Fever, aching limbs and a runny nose — as winter returns, so too does the flu. The disease is triggered by influenza viruses, which enter our body through droplets and then infect vulnerable cells.
A research team from Switzerland and Japan has taken an exceptionally close look at how this virus behaves. Using a microscopy approach they created themselves, the scientists can zoom in on the outer surface of human cells in a Petri dish. This setup has enabled them to watch, live and in sharp detail, the moment an influenza virus penetrates a living cell.
Under the direction of Yohei Yamauchi, Professor of Molecular Medicine at ETH Zurich, the group discovered something unexpected. The cells do not simply sit idle while the influenza virus approaches. Instead, they appear to make an effort to seize it. “The infection of our body cells is like a dance between virus and cell,” says Yamauchi.
Viral Surfing on the Cell Surface
Although cells gain nothing from being infected, the interaction looks active because the virus exploits a routine cellular uptake system that the cells cannot do without. This system normally brings essential substances such as hormones, cholesterol or iron into the cell.
To begin infection, an influenza virus attaches to specific molecules on the cell surface. The process resembles surfing on the membrane. The virus moves along the surface, latching onto one molecule after another, until it arrives at a site rich in these receptors. A spot with many receptors side by side provides the most efficient entry route.
When the cell’s receptors detect that the virus has attached, the membrane begins forming a small indentation at that spot. A structural protein named clathrin shapes and supports this deepening pocket. As the pocket expands, it wraps around the virus and forms a vesicle. The cell then pulls this vesicle inward, where the coat dissolves and releases the virus.
Why Earlier Microscopy Fell Short
Previous attempts to study this crucial moment in infection relied on methods like electron microscopy, which require destroying the cells to obtain an image. As a result, they captured only single moments in time. Fluorescence microscopy, another common tool, offers live imaging but at low spatial resolution.
ViViD-AFM Sheds Light on Viral Entry
The new method, which merges atomic force microscopy (AFM) with fluorescence microscopy, is called virus-view dual confocal and AFM (ViViD-AFM). This combined approach makes it possible to track the fine-scale movements involved as the virus enters the cell.

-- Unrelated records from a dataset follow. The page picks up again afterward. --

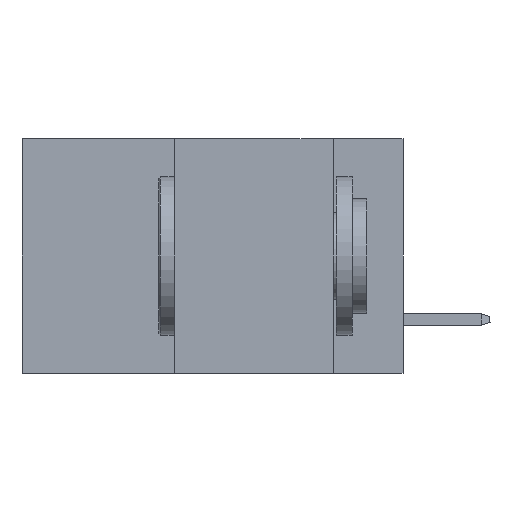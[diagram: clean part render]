
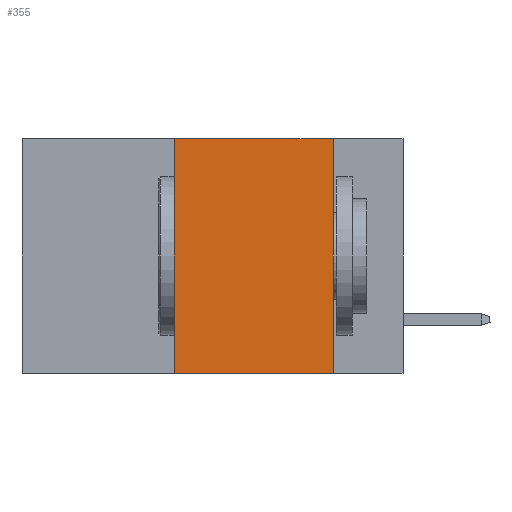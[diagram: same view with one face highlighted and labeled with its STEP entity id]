
A CAD part, left-side view. The second image highlights one B-rep face of the part: STEP entity #355.
In plain terms, the highlighted planar face has unit normal (-1, 0, 0).
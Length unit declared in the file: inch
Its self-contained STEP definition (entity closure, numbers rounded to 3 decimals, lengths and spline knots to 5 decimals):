
#355 = ADVANCED_FACE ( 'NONE', ( #36011 ), #22940, .F. ) ;
#373 = VERTEX_POINT ( 'NONE', #1433 ) ;
#847 = CARTESIAN_POINT ( 'NONE',  ( 0., 0.36, -0.37 ) ) ;
#1163 = VECTOR ( 'NONE', #7793, 39.37008 ) ;
#1433 = CARTESIAN_POINT ( 'NONE',  ( 0., 0.11, 0. ) ) ;
#1712 = VERTEX_POINT ( 'NONE', #39932 ) ;
#2025 = ORIENTED_EDGE ( 'NONE', *, *, #4835, .F. ) ;
#4835 = EDGE_CURVE ( 'NONE', #26920, #373, #17380, .T. ) ;
#5532 = VERTEX_POINT ( 'NONE', #847 ) ;
#7498 = CARTESIAN_POINT ( 'NONE',  ( 0., 0.6, 0. ) ) ;
#7793 = DIRECTION ( 'NONE',  ( 0., -1., 0. ) ) ;
#9003 = ORIENTED_EDGE ( 'NONE', *, *, #24514, .F. ) ;
#9725 = VECTOR ( 'NONE', #34817, 39.37008 ) ;
#11786 = LINE ( 'NONE', #18816, #9725 ) ;
#13130 = LINE ( 'NONE', #20130, #18342 ) ;
#15656 = EDGE_CURVE ( 'NONE', #373, #1712, #21244, .T. ) ;
#15957 = ORIENTED_EDGE ( 'NONE', *, *, #22704, .T. ) ;
#17380 = LINE ( 'NONE', #23642, #1163 ) ;
#18342 = VECTOR ( 'NONE', #32817, 39.37008 ) ;
#18816 = CARTESIAN_POINT ( 'NONE',  ( 0., 0.36, 0. ) ) ;
#19665 = ORIENTED_EDGE ( 'NONE', *, *, #15656, .F. ) ;
#20130 = CARTESIAN_POINT ( 'NONE',  ( 0., 0.6, -0.37 ) ) ;
#20199 = DIRECTION ( 'NONE',  ( 1., 0., 0. ) ) ;
#21244 = LINE ( 'NONE', #31434, #23038 ) ;
#22704 = EDGE_CURVE ( 'NONE', #5532, #1712, #13130, .T. ) ;
#22940 = PLANE ( 'NONE',  #29700 ) ;
#23038 = VECTOR ( 'NONE', #27700, 39.37008 ) ;
#23642 = CARTESIAN_POINT ( 'NONE',  ( 0., 0.6, 0. ) ) ;
#24514 = EDGE_CURVE ( 'NONE', #5532, #26920, #11786, .T. ) ;
#26920 = VERTEX_POINT ( 'NONE', #29563 ) ;
#27700 = DIRECTION ( 'NONE',  ( 0., 0., -1. ) ) ;
#28008 = EDGE_LOOP ( 'NONE', ( #19665, #2025, #9003, #15957 ) ) ;
#29563 = CARTESIAN_POINT ( 'NONE',  ( 0., 0.36, 0. ) ) ;
#29700 = AXIS2_PLACEMENT_3D ( 'NONE', #7498, #20199, #33090 ) ;
#31434 = CARTESIAN_POINT ( 'NONE',  ( 0., 0.11, 0. ) ) ;
#32817 = DIRECTION ( 'NONE',  ( 0., -1., 0. ) ) ;
#33090 = DIRECTION ( 'NONE',  ( 0., 0., -1. ) ) ;
#34817 = DIRECTION ( 'NONE',  ( 0., 0., 1. ) ) ;
#36011 = FACE_OUTER_BOUND ( 'NONE', #28008, .T. ) ;
#39932 = CARTESIAN_POINT ( 'NONE',  ( 0., 0.11, -0.37 ) ) ;
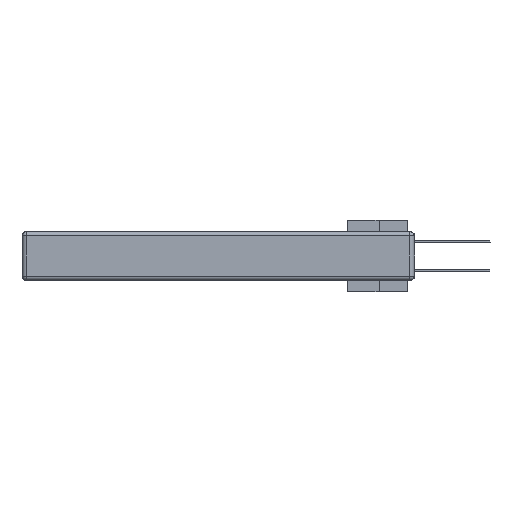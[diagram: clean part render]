
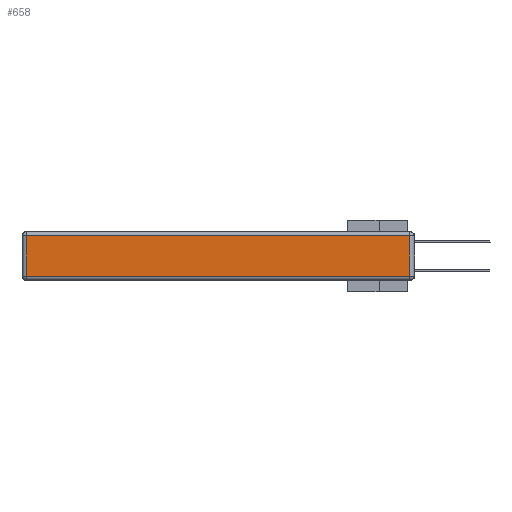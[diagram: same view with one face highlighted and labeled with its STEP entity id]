
A CAD part, left-side view. The second image highlights one B-rep face of the part: STEP entity #658.
In plain terms, the highlighted planar face has unit normal (-1, 0, 0).
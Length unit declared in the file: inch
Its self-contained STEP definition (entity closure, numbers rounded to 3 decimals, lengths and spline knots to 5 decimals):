
#353 = LINE ( 'NONE', #35109, #39186 ) ;
#658 = ADVANCED_FACE ( 'NONE', ( #20652 ), #17354, .T. ) ;
#1804 = DIRECTION ( 'NONE',  ( 0., 1., 0. ) ) ;
#1815 = DIRECTION ( 'NONE',  ( -1., 0., 0. ) ) ;
#2334 = ORIENTED_EDGE ( 'NONE', *, *, #33595, .T. ) ;
#3343 = VERTEX_POINT ( 'NONE', #37914 ) ;
#3931 = VECTOR ( 'NONE', #13979, 39.37008 ) ;
#4033 = CARTESIAN_POINT ( 'NONE',  ( 0., 0., -0.313 ) ) ;
#4297 = LINE ( 'NONE', #19833, #23160 ) ;
#9158 = ORIENTED_EDGE ( 'NONE', *, *, #13265, .T. ) ;
#10933 = DIRECTION ( 'NONE',  ( 0., 0., 1. ) ) ;
#12231 = CARTESIAN_POINT ( 'NONE',  ( 0., 0.03, -0.03 ) ) ;
#12697 = CARTESIAN_POINT ( 'NONE',  ( 0., 2.72, -0.343 ) ) ;
#13265 = EDGE_CURVE ( 'NONE', #19139, #3343, #4297, .T. ) ;
#13979 = DIRECTION ( 'NONE',  ( 0., -1., 0. ) ) ;
#14045 = CARTESIAN_POINT ( 'NONE',  ( 0., 0., -0.343 ) ) ;
#16848 = AXIS2_PLACEMENT_3D ( 'NONE', #14045, #1815, #10933 ) ;
#17354 = PLANE ( 'NONE',  #16848 ) ;
#17985 = EDGE_LOOP ( 'NONE', ( #2334, #29726, #9158, #38771 ) ) ;
#19139 = VERTEX_POINT ( 'NONE', #12231 ) ;
#19372 = DIRECTION ( 'NONE',  ( 0., 0., 1. ) ) ;
#19833 = CARTESIAN_POINT ( 'NONE',  ( 0., 2.75, -0.03 ) ) ;
#20652 = FACE_OUTER_BOUND ( 'NONE', #17985, .T. ) ;
#23160 = VECTOR ( 'NONE', #1804, 39.37008 ) ;
#25264 = CARTESIAN_POINT ( 'NONE',  ( 0., 0.03, -0.313 ) ) ;
#25298 = DIRECTION ( 'NONE',  ( 0., 0., -1. ) ) ;
#25439 = VERTEX_POINT ( 'NONE', #38742 ) ;
#25553 = EDGE_CURVE ( 'NONE', #3343, #25439, #37925, .T. ) ;
#28410 = VERTEX_POINT ( 'NONE', #25264 ) ;
#29726 = ORIENTED_EDGE ( 'NONE', *, *, #36816, .T. ) ;
#33595 = EDGE_CURVE ( 'NONE', #25439, #28410, #38398, .T. ) ;
#35109 = CARTESIAN_POINT ( 'NONE',  ( 0., 0.03, -0.343 ) ) ;
#36816 = EDGE_CURVE ( 'NONE', #28410, #19139, #353, .T. ) ;
#37914 = CARTESIAN_POINT ( 'NONE',  ( 0., 2.72, -0.03 ) ) ;
#37925 = LINE ( 'NONE', #12697, #38006 ) ;
#38006 = VECTOR ( 'NONE', #25298, 39.37008 ) ;
#38398 = LINE ( 'NONE', #4033, #3931 ) ;
#38742 = CARTESIAN_POINT ( 'NONE',  ( 0., 2.72, -0.313 ) ) ;
#38771 = ORIENTED_EDGE ( 'NONE', *, *, #25553, .T. ) ;
#39186 = VECTOR ( 'NONE', #19372, 39.37008 ) ;
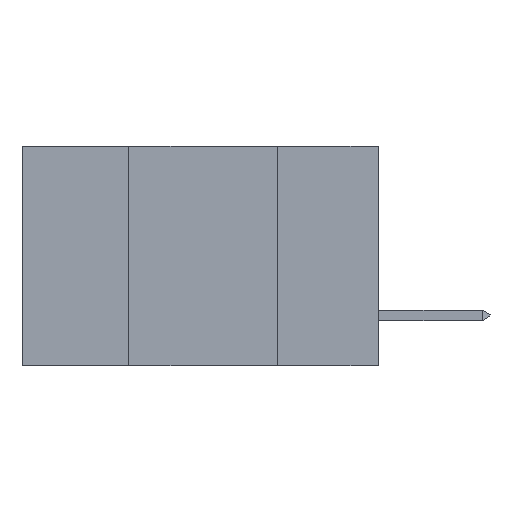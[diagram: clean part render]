
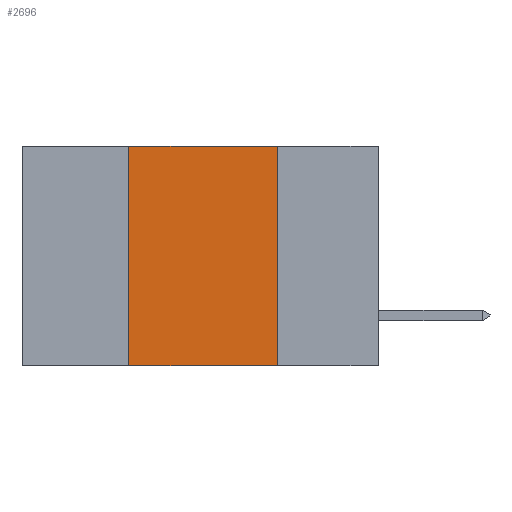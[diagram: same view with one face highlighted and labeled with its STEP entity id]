
A CAD part, left-side view. The second image highlights one B-rep face of the part: STEP entity #2696.
In plain terms, the highlighted planar face has unit normal (-1, 0, 0).
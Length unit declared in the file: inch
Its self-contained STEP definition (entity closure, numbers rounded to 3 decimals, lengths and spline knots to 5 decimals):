
#385 = EDGE_CURVE ( 'NONE', #745, #16709, #11018, .T. ) ;
#710 = CARTESIAN_POINT ( 'NONE',  ( 0., 0.6, -0.37 ) ) ;
#745 = VERTEX_POINT ( 'NONE', #5069 ) ;
#878 = DIRECTION ( 'NONE',  ( 0., -1., 0. ) ) ;
#1296 = DIRECTION ( 'NONE',  ( 1., 0., 0. ) ) ;
#2430 = AXIS2_PLACEMENT_3D ( 'NONE', #4110, #1296, #6681 ) ;
#2696 = ADVANCED_FACE ( 'NONE', ( #15519 ), #17298, .F. ) ;
#2712 = ORIENTED_EDGE ( 'NONE', *, *, #5621, .T. ) ;
#3753 = VERTEX_POINT ( 'NONE', #14832 ) ;
#3864 = EDGE_LOOP ( 'NONE', ( #13981, #5370, #6013, #2712 ) ) ;
#4032 = LINE ( 'NONE', #11311, #12004 ) ;
#4110 = CARTESIAN_POINT ( 'NONE',  ( 0., 0.6, 0. ) ) ;
#4734 = VECTOR ( 'NONE', #6929, 39.37008 ) ;
#4950 = VECTOR ( 'NONE', #9212, 39.37008 ) ;
#5069 = CARTESIAN_POINT ( 'NONE',  ( 0., 0.42, -0.37 ) ) ;
#5370 = ORIENTED_EDGE ( 'NONE', *, *, #12732, .F. ) ;
#5621 = EDGE_CURVE ( 'NONE', #745, #15732, #15391, .T. ) ;
#5797 = LINE ( 'NONE', #12248, #4734 ) ;
#6013 = ORIENTED_EDGE ( 'NONE', *, *, #385, .F. ) ;
#6290 = CARTESIAN_POINT ( 'NONE',  ( 0., 0.42, 0. ) ) ;
#6681 = DIRECTION ( 'NONE',  ( 0., 0., -1. ) ) ;
#6929 = DIRECTION ( 'NONE',  ( 0., 0., -1. ) ) ;
#9212 = DIRECTION ( 'NONE',  ( 0., 0., 1. ) ) ;
#10227 = EDGE_CURVE ( 'NONE', #3753, #15732, #5797, .T. ) ;
#11013 = VECTOR ( 'NONE', #878, 39.37008 ) ;
#11018 = LINE ( 'NONE', #6290, #4950 ) ;
#11311 = CARTESIAN_POINT ( 'NONE',  ( 0., 0.6, 0. ) ) ;
#12004 = VECTOR ( 'NONE', #15182, 39.37008 ) ;
#12248 = CARTESIAN_POINT ( 'NONE',  ( 0., 0.17, 0. ) ) ;
#12732 = EDGE_CURVE ( 'NONE', #16709, #3753, #4032, .T. ) ;
#13981 = ORIENTED_EDGE ( 'NONE', *, *, #10227, .F. ) ;
#14832 = CARTESIAN_POINT ( 'NONE',  ( 0., 0.17, 0. ) ) ;
#15182 = DIRECTION ( 'NONE',  ( 0., -1., 0. ) ) ;
#15308 = CARTESIAN_POINT ( 'NONE',  ( 0., 0.42, 0. ) ) ;
#15391 = LINE ( 'NONE', #710, #11013 ) ;
#15519 = FACE_OUTER_BOUND ( 'NONE', #3864, .T. ) ;
#15732 = VERTEX_POINT ( 'NONE', #16446 ) ;
#16446 = CARTESIAN_POINT ( 'NONE',  ( 0., 0.17, -0.37 ) ) ;
#16709 = VERTEX_POINT ( 'NONE', #15308 ) ;
#17298 = PLANE ( 'NONE',  #2430 ) ;

With this tool, the researchers demonstrated that cells assist the virus at several stages of entry. They summon important clathrin proteins to the site where the virus is attached. The membrane at that point also pushes upward, almost as if trying to seize the virus. These wave-like motions intensify if the virus tries to drift away from the surface.
Implications for Antiviral Research
Because ViViD-AFM allows scientists to observe infection while it is happening, it offers a valuable way to test antiviral drug candidates directly in cell cultures. The team notes that the technique may also be applied to studying other viruses or even vaccines, giving researchers a real-time view of how these particles interact with cells.